*** Block opens ***
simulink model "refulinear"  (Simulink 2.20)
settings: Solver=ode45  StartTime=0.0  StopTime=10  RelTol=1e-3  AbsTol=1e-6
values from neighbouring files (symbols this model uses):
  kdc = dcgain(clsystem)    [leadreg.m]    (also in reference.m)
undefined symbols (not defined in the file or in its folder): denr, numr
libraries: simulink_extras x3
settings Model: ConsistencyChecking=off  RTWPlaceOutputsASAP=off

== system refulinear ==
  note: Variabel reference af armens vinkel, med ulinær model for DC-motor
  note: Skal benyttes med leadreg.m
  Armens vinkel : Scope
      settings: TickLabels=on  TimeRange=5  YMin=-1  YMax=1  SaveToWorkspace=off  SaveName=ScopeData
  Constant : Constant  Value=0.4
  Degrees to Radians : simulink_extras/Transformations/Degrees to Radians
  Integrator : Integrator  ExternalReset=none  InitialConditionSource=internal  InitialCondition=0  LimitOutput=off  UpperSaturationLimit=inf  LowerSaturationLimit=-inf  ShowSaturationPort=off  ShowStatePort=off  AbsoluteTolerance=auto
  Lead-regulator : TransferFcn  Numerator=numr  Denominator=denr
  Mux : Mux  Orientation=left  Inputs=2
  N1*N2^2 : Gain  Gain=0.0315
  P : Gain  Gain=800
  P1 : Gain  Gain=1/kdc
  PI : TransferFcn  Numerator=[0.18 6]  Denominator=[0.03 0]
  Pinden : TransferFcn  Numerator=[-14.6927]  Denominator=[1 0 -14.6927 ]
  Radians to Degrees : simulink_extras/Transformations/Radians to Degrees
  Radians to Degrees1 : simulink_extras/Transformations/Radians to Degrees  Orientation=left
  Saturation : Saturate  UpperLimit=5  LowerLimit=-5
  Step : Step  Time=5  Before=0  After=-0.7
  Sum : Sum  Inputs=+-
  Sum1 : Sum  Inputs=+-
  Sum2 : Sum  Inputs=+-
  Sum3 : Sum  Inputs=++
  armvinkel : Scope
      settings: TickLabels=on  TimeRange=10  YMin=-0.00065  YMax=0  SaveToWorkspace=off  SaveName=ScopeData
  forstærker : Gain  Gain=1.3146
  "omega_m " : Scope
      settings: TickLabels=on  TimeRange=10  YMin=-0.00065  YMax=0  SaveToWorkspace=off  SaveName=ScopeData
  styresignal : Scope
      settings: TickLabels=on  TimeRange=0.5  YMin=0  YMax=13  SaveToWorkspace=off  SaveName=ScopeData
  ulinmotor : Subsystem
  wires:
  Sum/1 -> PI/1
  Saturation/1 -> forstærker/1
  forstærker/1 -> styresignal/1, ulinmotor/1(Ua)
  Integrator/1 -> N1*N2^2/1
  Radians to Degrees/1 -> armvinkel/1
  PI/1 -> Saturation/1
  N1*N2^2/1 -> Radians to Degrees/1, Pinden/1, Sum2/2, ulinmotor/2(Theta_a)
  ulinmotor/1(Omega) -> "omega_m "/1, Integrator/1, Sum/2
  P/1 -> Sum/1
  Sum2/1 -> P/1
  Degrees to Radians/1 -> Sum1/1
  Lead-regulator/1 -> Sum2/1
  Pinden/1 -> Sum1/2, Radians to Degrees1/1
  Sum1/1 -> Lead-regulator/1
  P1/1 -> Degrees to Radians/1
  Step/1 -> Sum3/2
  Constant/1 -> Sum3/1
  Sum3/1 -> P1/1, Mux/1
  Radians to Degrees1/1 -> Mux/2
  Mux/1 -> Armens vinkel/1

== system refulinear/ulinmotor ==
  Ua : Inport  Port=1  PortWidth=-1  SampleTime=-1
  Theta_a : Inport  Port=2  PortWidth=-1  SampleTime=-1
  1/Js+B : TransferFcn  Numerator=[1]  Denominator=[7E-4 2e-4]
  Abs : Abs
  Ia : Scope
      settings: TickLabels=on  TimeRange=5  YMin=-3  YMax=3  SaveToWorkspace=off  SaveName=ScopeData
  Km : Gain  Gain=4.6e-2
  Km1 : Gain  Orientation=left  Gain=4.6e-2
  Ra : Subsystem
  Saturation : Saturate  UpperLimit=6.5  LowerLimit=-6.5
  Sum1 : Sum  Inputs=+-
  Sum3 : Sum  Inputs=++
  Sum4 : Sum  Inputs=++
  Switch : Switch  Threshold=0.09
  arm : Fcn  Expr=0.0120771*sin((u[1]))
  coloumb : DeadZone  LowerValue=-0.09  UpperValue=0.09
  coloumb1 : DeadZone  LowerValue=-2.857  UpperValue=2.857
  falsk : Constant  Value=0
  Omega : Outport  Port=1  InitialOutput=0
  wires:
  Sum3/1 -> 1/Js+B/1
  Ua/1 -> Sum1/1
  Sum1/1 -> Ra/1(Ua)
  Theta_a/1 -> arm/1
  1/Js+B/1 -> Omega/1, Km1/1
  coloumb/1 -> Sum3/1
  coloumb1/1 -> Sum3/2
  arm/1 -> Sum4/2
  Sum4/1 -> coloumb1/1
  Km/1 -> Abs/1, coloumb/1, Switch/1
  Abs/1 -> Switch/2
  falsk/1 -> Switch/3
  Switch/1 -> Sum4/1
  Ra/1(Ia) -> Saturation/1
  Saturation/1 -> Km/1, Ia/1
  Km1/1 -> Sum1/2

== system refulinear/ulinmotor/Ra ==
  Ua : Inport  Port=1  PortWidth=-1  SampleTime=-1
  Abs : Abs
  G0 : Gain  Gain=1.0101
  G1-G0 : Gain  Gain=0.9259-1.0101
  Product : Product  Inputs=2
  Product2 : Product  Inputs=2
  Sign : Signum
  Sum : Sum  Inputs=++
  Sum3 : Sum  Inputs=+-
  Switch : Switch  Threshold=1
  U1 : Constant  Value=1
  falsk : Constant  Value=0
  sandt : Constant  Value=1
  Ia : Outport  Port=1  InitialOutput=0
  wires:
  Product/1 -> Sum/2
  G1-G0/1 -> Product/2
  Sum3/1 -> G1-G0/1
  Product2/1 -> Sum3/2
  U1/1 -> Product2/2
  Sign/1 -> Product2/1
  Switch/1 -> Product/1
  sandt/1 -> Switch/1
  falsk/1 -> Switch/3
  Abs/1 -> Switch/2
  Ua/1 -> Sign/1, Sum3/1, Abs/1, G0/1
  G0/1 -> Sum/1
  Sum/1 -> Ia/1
*** Block closes ***
**TASK DESCRIPTION**
An exact copy of all the records is the only acceptable answer.

**ANSWER BOX**
simulink model "refulinear"  (Simulink 2.20)
settings: Solver=ode45  StartTime=0.0  StopTime=10  RelTol=1e-3  AbsTol=1e-6
values from neighbouring files (symbols this model uses):
  kdc = dcgain(clsystem)    [leadreg.m]    (also in reference.m)
undefined symbols (not defined in the file or in its folder): denr, numr
libraries: simulink_extras x3
settings Model: ConsistencyChecking=off  RTWPlaceOutputsASAP=off

== system refulinear ==
  note: Variabel reference af armens vinkel, med ulinær model for DC-motor
  note: Skal benyttes med leadreg.m
  Armens vinkel : Scope
      settings: TickLabels=on  TimeRange=5  YMin=-1  YMax=1  SaveToWorkspace=off  SaveName=ScopeData
  Constant : Constant  Value=0.4
  Degrees to Radians : simulink_extras/Transformations/Degrees to Radians
  Integrator : Integrator  ExternalReset=none  InitialConditionSource=internal  InitialCondition=0  LimitOutput=off  UpperSaturationLimit=inf  LowerSaturationLimit=-inf  ShowSaturationPort=off  ShowStatePort=off  AbsoluteTolerance=auto
  Lead-regulator : TransferFcn  Numerator=numr  Denominator=denr
  Mux : Mux  Orientation=left  Inputs=2
  N1*N2^2 : Gain  Gain=0.0315
  P : Gain  Gain=800
  P1 : Gain  Gain=1/kdc
  PI : TransferFcn  Numerator=[0.18 6]  Denominator=[0.03 0]
  Pinden : TransferFcn  Numerator=[-14.6927]  Denominator=[1 0 -14.6927 ]
  Radians to Degrees : simulink_extras/Transformations/Radians to Degrees
  Radians to Degrees1 : simulink_extras/Transformations/Radians to Degrees  Orientation=left
  Saturation : Saturate  UpperLimit=5  LowerLimit=-5
  Step : Step  Time=5  Before=0  After=-0.7
  Sum : Sum  Inputs=+-
  Sum1 : Sum  Inputs=+-
  Sum2 : Sum  Inputs=+-
  Sum3 : Sum  Inputs=++
  armvinkel : Scope
      settings: TickLabels=on  TimeRange=10  YMin=-0.00065  YMax=0  SaveToWorkspace=off  SaveName=ScopeData
  forstærker : Gain  Gain=1.3146
  "omega_m " : Scope
      settings: TickLabels=on  TimeRange=10  YMin=-0.00065  YMax=0  SaveToWorkspace=off  SaveName=ScopeData
  styresignal : Scope
      settings: TickLabels=on  TimeRange=0.5  YMin=0  YMax=13  SaveToWorkspace=off  SaveName=ScopeData
  ulinmotor : Subsystem
  wires:
  Sum/1 -> PI/1
  Saturation/1 -> forstærker/1
  forstærker/1 -> styresignal/1, ulinmotor/1(Ua)
  Integrator/1 -> N1*N2^2/1
  Radians to Degrees/1 -> armvinkel/1
  PI/1 -> Saturation/1
  N1*N2^2/1 -> Radians to Degrees/1, Pinden/1, Sum2/2, ulinmotor/2(Theta_a)
  ulinmotor/1(Omega) -> "omega_m "/1, Integrator/1, Sum/2
  P/1 -> Sum/1
  Sum2/1 -> P/1
  Degrees to Radians/1 -> Sum1/1
  Lead-regulator/1 -> Sum2/1
  Pinden/1 -> Sum1/2, Radians to Degrees1/1
  Sum1/1 -> Lead-regulator/1
  P1/1 -> Degrees to Radians/1
  Step/1 -> Sum3/2
  Constant/1 -> Sum3/1
  Sum3/1 -> P1/1, Mux/1
  Radians to Degrees1/1 -> Mux/2
  Mux/1 -> Armens vinkel/1

== system refulinear/ulinmotor ==
  Ua : Inport  Port=1  PortWidth=-1  SampleTime=-1
  Theta_a : Inport  Port=2  PortWidth=-1  SampleTime=-1
  1/Js+B : TransferFcn  Numerator=[1]  Denominator=[7E-4 2e-4]
  Abs : Abs
  Ia : Scope
      settings: TickLabels=on  TimeRange=5  YMin=-3  YMax=3  SaveToWorkspace=off  SaveName=ScopeData
  Km : Gain  Gain=4.6e-2
  Km1 : Gain  Orientation=left  Gain=4.6e-2
  Ra : Subsystem
  Saturation : Saturate  UpperLimit=6.5  LowerLimit=-6.5
  Sum1 : Sum  Inputs=+-
  Sum3 : Sum  Inputs=++
  Sum4 : Sum  Inputs=++
  Switch : Switch  Threshold=0.09
  arm : Fcn  Expr=0.0120771*sin((u[1]))
  coloumb : DeadZone  LowerValue=-0.09  UpperValue=0.09
  coloumb1 : DeadZone  LowerValue=-2.857  UpperValue=2.857
  falsk : Constant  Value=0
  Omega : Outport  Port=1  InitialOutput=0
  wires:
  Sum3/1 -> 1/Js+B/1
  Ua/1 -> Sum1/1
  Sum1/1 -> Ra/1(Ua)
  Theta_a/1 -> arm/1
  1/Js+B/1 -> Omega/1, Km1/1
  coloumb/1 -> Sum3/1
  coloumb1/1 -> Sum3/2
  arm/1 -> Sum4/2
  Sum4/1 -> coloumb1/1
  Km/1 -> Abs/1, coloumb/1, Switch/1
  Abs/1 -> Switch/2
  falsk/1 -> Switch/3
  Switch/1 -> Sum4/1
  Ra/1(Ia) -> Saturation/1
  Saturation/1 -> Km/1, Ia/1
  Km1/1 -> Sum1/2

== system refulinear/ulinmotor/Ra ==
  Ua : Inport  Port=1  PortWidth=-1  SampleTime=-1
  Abs : Abs
  G0 : Gain  Gain=1.0101
  G1-G0 : Gain  Gain=0.9259-1.0101
  Product : Product  Inputs=2
  Product2 : Product  Inputs=2
  Sign : Signum
  Sum : Sum  Inputs=++
  Sum3 : Sum  Inputs=+-
  Switch : Switch  Threshold=1
  U1 : Constant  Value=1
  falsk : Constant  Value=0
  sandt : Constant  Value=1
  Ia : Outport  Port=1  InitialOutput=0
  wires:
  Product/1 -> Sum/2
  G1-G0/1 -> Product/2
  Sum3/1 -> G1-G0/1
  Product2/1 -> Sum3/2
  U1/1 -> Product2/2
  Sign/1 -> Product2/1
  Switch/1 -> Product/1
  sandt/1 -> Switch/1
  falsk/1 -> Switch/3
  Abs/1 -> Switch/2
  Ua/1 -> Sign/1, Sum3/1, Abs/1, G0/1
  G0/1 -> Sum/1
  Sum/1 -> Ia/1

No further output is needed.